Top of Data for this task

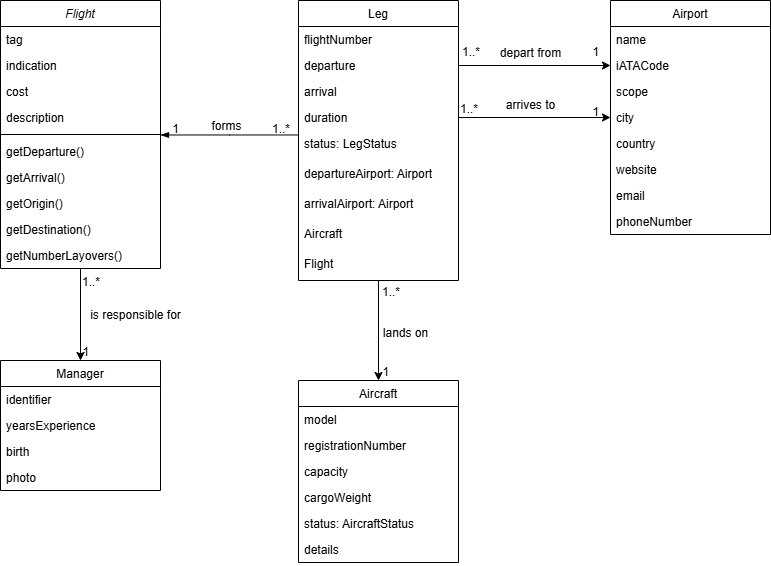

The diagram above was exported from draw.io. Its source (the exported page's mxGraphModel, read from the mxfile embedded in the PNG):
<mxGraphModel dx="1235" dy="662" grid="0" gridSize="10" guides="1" tooltips="1" connect="1" arrows="1" fold="1" page="1" pageScale="1" pageWidth="827" pageHeight="1169" math="0" shadow="0">
  <root>
    <mxCell id="WIyWlLk6GJQsqaUBKTNV-0" />
    <mxCell id="WIyWlLk6GJQsqaUBKTNV-1" parent="WIyWlLk6GJQsqaUBKTNV-0" />
    <mxCell id="zkfFHV4jXpPFQw0GAbJ--0" value="Flight" style="swimlane;fontStyle=2;align=center;verticalAlign=top;childLayout=stackLayout;horizontal=1;startSize=26;horizontalStack=0;resizeParent=1;resizeLast=0;collapsible=1;marginBottom=0;rounded=0;shadow=0;strokeWidth=1;" parent="WIyWlLk6GJQsqaUBKTNV-1" vertex="1">
      <mxGeometry x="210" y="80" width="160" height="268" as="geometry">
        <mxRectangle x="230" y="140" width="160" height="26" as="alternateBounds" />
      </mxGeometry>
    </mxCell>
    <mxCell id="zkfFHV4jXpPFQw0GAbJ--1" value="tag" style="text;align=left;verticalAlign=top;spacingLeft=4;spacingRight=4;overflow=hidden;rotatable=0;points=[[0,0.5],[1,0.5]];portConstraint=eastwest;" parent="zkfFHV4jXpPFQw0GAbJ--0" vertex="1">
      <mxGeometry y="26" width="160" height="26" as="geometry" />
    </mxCell>
    <mxCell id="zkfFHV4jXpPFQw0GAbJ--2" value="indication" style="text;align=left;verticalAlign=top;spacingLeft=4;spacingRight=4;overflow=hidden;rotatable=0;points=[[0,0.5],[1,0.5]];portConstraint=eastwest;rounded=0;shadow=0;html=0;" parent="zkfFHV4jXpPFQw0GAbJ--0" vertex="1">
      <mxGeometry y="52" width="160" height="26" as="geometry" />
    </mxCell>
    <mxCell id="zkfFHV4jXpPFQw0GAbJ--3" value="cost" style="text;align=left;verticalAlign=top;spacingLeft=4;spacingRight=4;overflow=hidden;rotatable=0;points=[[0,0.5],[1,0.5]];portConstraint=eastwest;rounded=0;shadow=0;html=0;" parent="zkfFHV4jXpPFQw0GAbJ--0" vertex="1">
      <mxGeometry y="78" width="160" height="26" as="geometry" />
    </mxCell>
    <mxCell id="4Ik4bwEw0VxkcAQxrFq9-0" value="description" style="text;align=left;verticalAlign=top;spacingLeft=4;spacingRight=4;overflow=hidden;rotatable=0;points=[[0,0.5],[1,0.5]];portConstraint=eastwest;rounded=0;shadow=0;html=0;" vertex="1" parent="zkfFHV4jXpPFQw0GAbJ--0">
      <mxGeometry y="104" width="160" height="26" as="geometry" />
    </mxCell>
    <mxCell id="zkfFHV4jXpPFQw0GAbJ--4" value="" style="line;html=1;strokeWidth=1;align=left;verticalAlign=middle;spacingTop=-1;spacingLeft=3;spacingRight=3;rotatable=0;labelPosition=right;points=[];portConstraint=eastwest;" parent="zkfFHV4jXpPFQw0GAbJ--0" vertex="1">
      <mxGeometry y="130" width="160" height="8" as="geometry" />
    </mxCell>
    <mxCell id="zkfFHV4jXpPFQw0GAbJ--5" value="getDeparture()" style="text;align=left;verticalAlign=top;spacingLeft=4;spacingRight=4;overflow=hidden;rotatable=0;points=[[0,0.5],[1,0.5]];portConstraint=eastwest;" parent="zkfFHV4jXpPFQw0GAbJ--0" vertex="1">
      <mxGeometry y="138" width="160" height="26" as="geometry" />
    </mxCell>
    <mxCell id="4Ik4bwEw0VxkcAQxrFq9-3" value="getArrival()" style="text;align=left;verticalAlign=top;spacingLeft=4;spacingRight=4;overflow=hidden;rotatable=0;points=[[0,0.5],[1,0.5]];portConstraint=eastwest;" vertex="1" parent="zkfFHV4jXpPFQw0GAbJ--0">
      <mxGeometry y="164" width="160" height="26" as="geometry" />
    </mxCell>
    <mxCell id="4Ik4bwEw0VxkcAQxrFq9-2" value="getOrigin()" style="text;align=left;verticalAlign=top;spacingLeft=4;spacingRight=4;overflow=hidden;rotatable=0;points=[[0,0.5],[1,0.5]];portConstraint=eastwest;" vertex="1" parent="zkfFHV4jXpPFQw0GAbJ--0">
      <mxGeometry y="190" width="160" height="26" as="geometry" />
    </mxCell>
    <mxCell id="4Ik4bwEw0VxkcAQxrFq9-1" value="getDestination()" style="text;align=left;verticalAlign=top;spacingLeft=4;spacingRight=4;overflow=hidden;rotatable=0;points=[[0,0.5],[1,0.5]];portConstraint=eastwest;" vertex="1" parent="zkfFHV4jXpPFQw0GAbJ--0">
      <mxGeometry y="216" width="160" height="26" as="geometry" />
    </mxCell>
    <mxCell id="4Ik4bwEw0VxkcAQxrFq9-4" value="getNumberLayovers()" style="text;align=left;verticalAlign=top;spacingLeft=4;spacingRight=4;overflow=hidden;rotatable=0;points=[[0,0.5],[1,0.5]];portConstraint=eastwest;" vertex="1" parent="zkfFHV4jXpPFQw0GAbJ--0">
      <mxGeometry y="242" width="160" height="26" as="geometry" />
    </mxCell>
    <mxCell id="zkfFHV4jXpPFQw0GAbJ--6" value="Airport" style="swimlane;fontStyle=0;align=center;verticalAlign=top;childLayout=stackLayout;horizontal=1;startSize=26;horizontalStack=0;resizeParent=1;resizeLast=0;collapsible=1;marginBottom=0;rounded=0;shadow=0;strokeWidth=1;" parent="WIyWlLk6GJQsqaUBKTNV-1" vertex="1">
      <mxGeometry x="820" y="80" width="160" height="234" as="geometry">
        <mxRectangle x="130" y="380" width="160" height="26" as="alternateBounds" />
      </mxGeometry>
    </mxCell>
    <mxCell id="zkfFHV4jXpPFQw0GAbJ--7" value="name" style="text;align=left;verticalAlign=top;spacingLeft=4;spacingRight=4;overflow=hidden;rotatable=0;points=[[0,0.5],[1,0.5]];portConstraint=eastwest;" parent="zkfFHV4jXpPFQw0GAbJ--6" vertex="1">
      <mxGeometry y="26" width="160" height="26" as="geometry" />
    </mxCell>
    <mxCell id="zkfFHV4jXpPFQw0GAbJ--8" value="iATACode" style="text;align=left;verticalAlign=top;spacingLeft=4;spacingRight=4;overflow=hidden;rotatable=0;points=[[0,0.5],[1,0.5]];portConstraint=eastwest;rounded=0;shadow=0;html=0;" parent="zkfFHV4jXpPFQw0GAbJ--6" vertex="1">
      <mxGeometry y="52" width="160" height="26" as="geometry" />
    </mxCell>
    <mxCell id="zkfFHV4jXpPFQw0GAbJ--10" value="scope" style="text;align=left;verticalAlign=top;spacingLeft=4;spacingRight=4;overflow=hidden;rotatable=0;points=[[0,0.5],[1,0.5]];portConstraint=eastwest;fontStyle=0" parent="zkfFHV4jXpPFQw0GAbJ--6" vertex="1">
      <mxGeometry y="78" width="160" height="26" as="geometry" />
    </mxCell>
    <mxCell id="zkfFHV4jXpPFQw0GAbJ--11" value="city" style="text;align=left;verticalAlign=top;spacingLeft=4;spacingRight=4;overflow=hidden;rotatable=0;points=[[0,0.5],[1,0.5]];portConstraint=eastwest;" parent="zkfFHV4jXpPFQw0GAbJ--6" vertex="1">
      <mxGeometry y="104" width="160" height="26" as="geometry" />
    </mxCell>
    <mxCell id="4Ik4bwEw0VxkcAQxrFq9-11" value="country" style="text;align=left;verticalAlign=top;spacingLeft=4;spacingRight=4;overflow=hidden;rotatable=0;points=[[0,0.5],[1,0.5]];portConstraint=eastwest;" vertex="1" parent="zkfFHV4jXpPFQw0GAbJ--6">
      <mxGeometry y="130" width="160" height="26" as="geometry" />
    </mxCell>
    <mxCell id="4Ik4bwEw0VxkcAQxrFq9-10" value="website" style="text;align=left;verticalAlign=top;spacingLeft=4;spacingRight=4;overflow=hidden;rotatable=0;points=[[0,0.5],[1,0.5]];portConstraint=eastwest;" vertex="1" parent="zkfFHV4jXpPFQw0GAbJ--6">
      <mxGeometry y="156" width="160" height="26" as="geometry" />
    </mxCell>
    <mxCell id="4Ik4bwEw0VxkcAQxrFq9-9" value="email" style="text;align=left;verticalAlign=top;spacingLeft=4;spacingRight=4;overflow=hidden;rotatable=0;points=[[0,0.5],[1,0.5]];portConstraint=eastwest;" vertex="1" parent="zkfFHV4jXpPFQw0GAbJ--6">
      <mxGeometry y="182" width="160" height="26" as="geometry" />
    </mxCell>
    <mxCell id="4Ik4bwEw0VxkcAQxrFq9-12" value="phoneNumber" style="text;align=left;verticalAlign=top;spacingLeft=4;spacingRight=4;overflow=hidden;rotatable=0;points=[[0,0.5],[1,0.5]];portConstraint=eastwest;" vertex="1" parent="zkfFHV4jXpPFQw0GAbJ--6">
      <mxGeometry y="208" width="160" height="26" as="geometry" />
    </mxCell>
    <mxCell id="zkfFHV4jXpPFQw0GAbJ--13" value="Aircraft" style="swimlane;fontStyle=0;align=center;verticalAlign=top;childLayout=stackLayout;horizontal=1;startSize=26;horizontalStack=0;resizeParent=1;resizeLast=0;collapsible=1;marginBottom=0;rounded=0;shadow=0;strokeWidth=1;" parent="WIyWlLk6GJQsqaUBKTNV-1" vertex="1">
      <mxGeometry x="508" y="460" width="160" height="182" as="geometry">
        <mxRectangle x="340" y="380" width="170" height="26" as="alternateBounds" />
      </mxGeometry>
    </mxCell>
    <mxCell id="zkfFHV4jXpPFQw0GAbJ--14" value="model" style="text;align=left;verticalAlign=top;spacingLeft=4;spacingRight=4;overflow=hidden;rotatable=0;points=[[0,0.5],[1,0.5]];portConstraint=eastwest;" parent="zkfFHV4jXpPFQw0GAbJ--13" vertex="1">
      <mxGeometry y="26" width="160" height="26" as="geometry" />
    </mxCell>
    <mxCell id="4Ik4bwEw0VxkcAQxrFq9-21" value="registrationNumber" style="text;align=left;verticalAlign=top;spacingLeft=4;spacingRight=4;overflow=hidden;rotatable=0;points=[[0,0.5],[1,0.5]];portConstraint=eastwest;" vertex="1" parent="zkfFHV4jXpPFQw0GAbJ--13">
      <mxGeometry y="52" width="160" height="26" as="geometry" />
    </mxCell>
    <mxCell id="4Ik4bwEw0VxkcAQxrFq9-22" value="capacity" style="text;align=left;verticalAlign=top;spacingLeft=4;spacingRight=4;overflow=hidden;rotatable=0;points=[[0,0.5],[1,0.5]];portConstraint=eastwest;" vertex="1" parent="zkfFHV4jXpPFQw0GAbJ--13">
      <mxGeometry y="78" width="160" height="26" as="geometry" />
    </mxCell>
    <mxCell id="4Ik4bwEw0VxkcAQxrFq9-23" value="cargoWeight" style="text;align=left;verticalAlign=top;spacingLeft=4;spacingRight=4;overflow=hidden;rotatable=0;points=[[0,0.5],[1,0.5]];portConstraint=eastwest;" vertex="1" parent="zkfFHV4jXpPFQw0GAbJ--13">
      <mxGeometry y="104" width="160" height="26" as="geometry" />
    </mxCell>
    <mxCell id="4Ik4bwEw0VxkcAQxrFq9-25" value="status: AircraftStatus" style="text;align=left;verticalAlign=top;spacingLeft=4;spacingRight=4;overflow=hidden;rotatable=0;points=[[0,0.5],[1,0.5]];portConstraint=eastwest;" vertex="1" parent="zkfFHV4jXpPFQw0GAbJ--13">
      <mxGeometry y="130" width="160" height="26" as="geometry" />
    </mxCell>
    <mxCell id="4Ik4bwEw0VxkcAQxrFq9-24" value="details" style="text;align=left;verticalAlign=top;spacingLeft=4;spacingRight=4;overflow=hidden;rotatable=0;points=[[0,0.5],[1,0.5]];portConstraint=eastwest;" vertex="1" parent="zkfFHV4jXpPFQw0GAbJ--13">
      <mxGeometry y="156" width="160" height="26" as="geometry" />
    </mxCell>
    <mxCell id="zkfFHV4jXpPFQw0GAbJ--17" value="Leg" style="swimlane;fontStyle=0;align=center;verticalAlign=top;childLayout=stackLayout;horizontal=1;startSize=26;horizontalStack=0;resizeParent=1;resizeLast=0;collapsible=1;marginBottom=0;rounded=0;shadow=0;strokeWidth=1;" parent="WIyWlLk6GJQsqaUBKTNV-1" vertex="1">
      <mxGeometry x="508" y="80" width="160" height="280" as="geometry">
        <mxRectangle x="550" y="140" width="160" height="26" as="alternateBounds" />
      </mxGeometry>
    </mxCell>
    <mxCell id="zkfFHV4jXpPFQw0GAbJ--18" value="flightNumber" style="text;align=left;verticalAlign=top;spacingLeft=4;spacingRight=4;overflow=hidden;rotatable=0;points=[[0,0.5],[1,0.5]];portConstraint=eastwest;" parent="zkfFHV4jXpPFQw0GAbJ--17" vertex="1">
      <mxGeometry y="26" width="160" height="26" as="geometry" />
    </mxCell>
    <mxCell id="zkfFHV4jXpPFQw0GAbJ--19" value="departure" style="text;align=left;verticalAlign=top;spacingLeft=4;spacingRight=4;overflow=hidden;rotatable=0;points=[[0,0.5],[1,0.5]];portConstraint=eastwest;rounded=0;shadow=0;html=0;" parent="zkfFHV4jXpPFQw0GAbJ--17" vertex="1">
      <mxGeometry y="52" width="160" height="26" as="geometry" />
    </mxCell>
    <mxCell id="zkfFHV4jXpPFQw0GAbJ--20" value="arrival" style="text;align=left;verticalAlign=top;spacingLeft=4;spacingRight=4;overflow=hidden;rotatable=0;points=[[0,0.5],[1,0.5]];portConstraint=eastwest;rounded=0;shadow=0;html=0;" parent="zkfFHV4jXpPFQw0GAbJ--17" vertex="1">
      <mxGeometry y="78" width="160" height="26" as="geometry" />
    </mxCell>
    <mxCell id="zkfFHV4jXpPFQw0GAbJ--21" value="duration" style="text;align=left;verticalAlign=top;spacingLeft=4;spacingRight=4;overflow=hidden;rotatable=0;points=[[0,0.5],[1,0.5]];portConstraint=eastwest;rounded=0;shadow=0;html=0;" parent="zkfFHV4jXpPFQw0GAbJ--17" vertex="1">
      <mxGeometry y="104" width="160" height="26" as="geometry" />
    </mxCell>
    <mxCell id="zkfFHV4jXpPFQw0GAbJ--22" value="status: LegStatus" style="text;align=left;verticalAlign=top;spacingLeft=4;spacingRight=4;overflow=hidden;rotatable=0;points=[[0,0.5],[1,0.5]];portConstraint=eastwest;rounded=0;shadow=0;html=0;" parent="zkfFHV4jXpPFQw0GAbJ--17" vertex="1">
      <mxGeometry y="130" width="160" height="30" as="geometry" />
    </mxCell>
    <mxCell id="4Ik4bwEw0VxkcAQxrFq9-5" value="departureAirport: Airport" style="text;align=left;verticalAlign=top;spacingLeft=4;spacingRight=4;overflow=hidden;rotatable=0;points=[[0,0.5],[1,0.5]];portConstraint=eastwest;rounded=0;shadow=0;html=0;" vertex="1" parent="zkfFHV4jXpPFQw0GAbJ--17">
      <mxGeometry y="160" width="160" height="30" as="geometry" />
    </mxCell>
    <mxCell id="4Ik4bwEw0VxkcAQxrFq9-7" value="arrivalAirport: Airport" style="text;align=left;verticalAlign=top;spacingLeft=4;spacingRight=4;overflow=hidden;rotatable=0;points=[[0,0.5],[1,0.5]];portConstraint=eastwest;rounded=0;shadow=0;html=0;" vertex="1" parent="zkfFHV4jXpPFQw0GAbJ--17">
      <mxGeometry y="190" width="160" height="30" as="geometry" />
    </mxCell>
    <mxCell id="4Ik4bwEw0VxkcAQxrFq9-6" value="Aircraft" style="text;align=left;verticalAlign=top;spacingLeft=4;spacingRight=4;overflow=hidden;rotatable=0;points=[[0,0.5],[1,0.5]];portConstraint=eastwest;rounded=0;shadow=0;html=0;" vertex="1" parent="zkfFHV4jXpPFQw0GAbJ--17">
      <mxGeometry y="220" width="160" height="30" as="geometry" />
    </mxCell>
    <mxCell id="4Ik4bwEw0VxkcAQxrFq9-8" value="Flight" style="text;align=left;verticalAlign=top;spacingLeft=4;spacingRight=4;overflow=hidden;rotatable=0;points=[[0,0.5],[1,0.5]];portConstraint=eastwest;rounded=0;shadow=0;html=0;" vertex="1" parent="zkfFHV4jXpPFQw0GAbJ--17">
      <mxGeometry y="250" width="160" height="30" as="geometry" />
    </mxCell>
    <mxCell id="zkfFHV4jXpPFQw0GAbJ--26" value="" style="endArrow=none;shadow=0;strokeWidth=1;rounded=0;curved=0;endFill=1;edgeStyle=elbowEdgeStyle;elbow=vertical;startArrow=blockThin;startFill=1;" parent="WIyWlLk6GJQsqaUBKTNV-1" source="zkfFHV4jXpPFQw0GAbJ--0" target="zkfFHV4jXpPFQw0GAbJ--17" edge="1">
      <mxGeometry x="0.5" y="41" relative="1" as="geometry">
        <mxPoint x="380" y="192" as="sourcePoint" />
        <mxPoint x="540" y="192" as="targetPoint" />
        <mxPoint x="-40" y="32" as="offset" />
      </mxGeometry>
    </mxCell>
    <mxCell id="zkfFHV4jXpPFQw0GAbJ--27" value="1..*" style="resizable=0;align=left;verticalAlign=bottom;labelBackgroundColor=none;fontSize=12;" parent="zkfFHV4jXpPFQw0GAbJ--26" connectable="0" vertex="1">
      <mxGeometry x="-1" relative="1" as="geometry">
        <mxPoint x="110" y="2" as="offset" />
      </mxGeometry>
    </mxCell>
    <mxCell id="zkfFHV4jXpPFQw0GAbJ--28" value="1" style="resizable=0;align=right;verticalAlign=bottom;labelBackgroundColor=none;fontSize=12;" parent="zkfFHV4jXpPFQw0GAbJ--26" connectable="0" vertex="1">
      <mxGeometry x="1" relative="1" as="geometry">
        <mxPoint x="-118" y="2" as="offset" />
      </mxGeometry>
    </mxCell>
    <mxCell id="zkfFHV4jXpPFQw0GAbJ--29" value="forms" style="text;html=1;resizable=0;points=[];;align=center;verticalAlign=middle;labelBackgroundColor=none;rounded=0;shadow=0;strokeWidth=1;fontSize=12;" parent="zkfFHV4jXpPFQw0GAbJ--26" vertex="1" connectable="0">
      <mxGeometry x="0.5" y="49" relative="1" as="geometry">
        <mxPoint x="-38" y="40" as="offset" />
      </mxGeometry>
    </mxCell>
    <mxCell id="4Ik4bwEw0VxkcAQxrFq9-13" style="edgeStyle=orthogonalEdgeStyle;rounded=0;orthogonalLoop=1;jettySize=auto;html=1;exitX=1;exitY=0.5;exitDx=0;exitDy=0;entryX=0;entryY=0.5;entryDx=0;entryDy=0;" edge="1" parent="WIyWlLk6GJQsqaUBKTNV-1" source="zkfFHV4jXpPFQw0GAbJ--21" target="zkfFHV4jXpPFQw0GAbJ--11">
      <mxGeometry relative="1" as="geometry" />
    </mxCell>
    <mxCell id="4Ik4bwEw0VxkcAQxrFq9-14" style="edgeStyle=orthogonalEdgeStyle;rounded=0;orthogonalLoop=1;jettySize=auto;html=1;exitX=1;exitY=0.5;exitDx=0;exitDy=0;entryX=0;entryY=0.5;entryDx=0;entryDy=0;" edge="1" parent="WIyWlLk6GJQsqaUBKTNV-1" source="zkfFHV4jXpPFQw0GAbJ--19" target="zkfFHV4jXpPFQw0GAbJ--8">
      <mxGeometry relative="1" as="geometry" />
    </mxCell>
    <mxCell id="4Ik4bwEw0VxkcAQxrFq9-15" value="1..*" style="resizable=0;align=left;verticalAlign=bottom;labelBackgroundColor=none;fontSize=12;" connectable="0" vertex="1" parent="WIyWlLk6GJQsqaUBKTNV-1">
      <mxGeometry x="670" y="140" as="geometry" />
    </mxCell>
    <mxCell id="4Ik4bwEw0VxkcAQxrFq9-16" value="1..*" style="resizable=0;align=left;verticalAlign=bottom;labelBackgroundColor=none;fontSize=12;" connectable="0" vertex="1" parent="WIyWlLk6GJQsqaUBKTNV-1">
      <mxGeometry x="668" y="197" as="geometry" />
    </mxCell>
    <mxCell id="4Ik4bwEw0VxkcAQxrFq9-17" value="depart from" style="text;html=1;align=center;verticalAlign=middle;resizable=0;points=[];autosize=1;strokeColor=none;fillColor=none;" vertex="1" parent="WIyWlLk6GJQsqaUBKTNV-1">
      <mxGeometry x="700" y="118" width="80" height="30" as="geometry" />
    </mxCell>
    <mxCell id="4Ik4bwEw0VxkcAQxrFq9-18" value="1" style="resizable=0;align=right;verticalAlign=bottom;labelBackgroundColor=none;fontSize=12;" connectable="0" vertex="1" parent="WIyWlLk6GJQsqaUBKTNV-1">
      <mxGeometry x="810" y="140" as="geometry" />
    </mxCell>
    <mxCell id="4Ik4bwEw0VxkcAQxrFq9-19" value="1" style="resizable=0;align=right;verticalAlign=bottom;labelBackgroundColor=none;fontSize=12;" connectable="0" vertex="1" parent="WIyWlLk6GJQsqaUBKTNV-1">
      <mxGeometry x="810" y="200" as="geometry" />
    </mxCell>
    <mxCell id="4Ik4bwEw0VxkcAQxrFq9-20" value="arrives to" style="text;html=1;align=center;verticalAlign=middle;resizable=0;points=[];autosize=1;strokeColor=none;fillColor=none;" vertex="1" parent="WIyWlLk6GJQsqaUBKTNV-1">
      <mxGeometry x="705" y="170" width="70" height="30" as="geometry" />
    </mxCell>
    <mxCell id="4Ik4bwEw0VxkcAQxrFq9-26" value="" style="endArrow=classic;html=1;rounded=0;entryX=0.5;entryY=0;entryDx=0;entryDy=0;" edge="1" parent="WIyWlLk6GJQsqaUBKTNV-1" target="zkfFHV4jXpPFQw0GAbJ--13">
      <mxGeometry width="50" height="50" relative="1" as="geometry">
        <mxPoint x="588" y="360" as="sourcePoint" />
        <mxPoint x="530" y="270" as="targetPoint" />
      </mxGeometry>
    </mxCell>
    <mxCell id="4Ik4bwEw0VxkcAQxrFq9-27" value="lands on" style="text;html=1;align=center;verticalAlign=middle;resizable=0;points=[];autosize=1;strokeColor=none;fillColor=none;" vertex="1" parent="WIyWlLk6GJQsqaUBKTNV-1">
      <mxGeometry x="580" y="398" width="70" height="30" as="geometry" />
    </mxCell>
    <mxCell id="4Ik4bwEw0VxkcAQxrFq9-28" value="1..*" style="resizable=0;align=left;verticalAlign=bottom;labelBackgroundColor=none;fontSize=12;" connectable="0" vertex="1" parent="WIyWlLk6GJQsqaUBKTNV-1">
      <mxGeometry x="590" y="380" as="geometry" />
    </mxCell>
    <mxCell id="4Ik4bwEw0VxkcAQxrFq9-29" value="1" style="resizable=0;align=right;verticalAlign=bottom;labelBackgroundColor=none;fontSize=12;" connectable="0" vertex="1" parent="WIyWlLk6GJQsqaUBKTNV-1">
      <mxGeometry x="600" y="460" as="geometry" />
    </mxCell>
    <mxCell id="4Ik4bwEw0VxkcAQxrFq9-30" value="Manager" style="swimlane;fontStyle=0;align=center;verticalAlign=top;childLayout=stackLayout;horizontal=1;startSize=26;horizontalStack=0;resizeParent=1;resizeLast=0;collapsible=1;marginBottom=0;rounded=0;shadow=0;strokeWidth=1;" vertex="1" parent="WIyWlLk6GJQsqaUBKTNV-1">
      <mxGeometry x="210" y="440" width="160" height="130" as="geometry">
        <mxRectangle x="340" y="380" width="170" height="26" as="alternateBounds" />
      </mxGeometry>
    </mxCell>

Bottom of Data for this task

# Problem requirements
Taking each line of the material above in turn, count those containing the string "endArrow". State the number alone.

# Exercise answer
2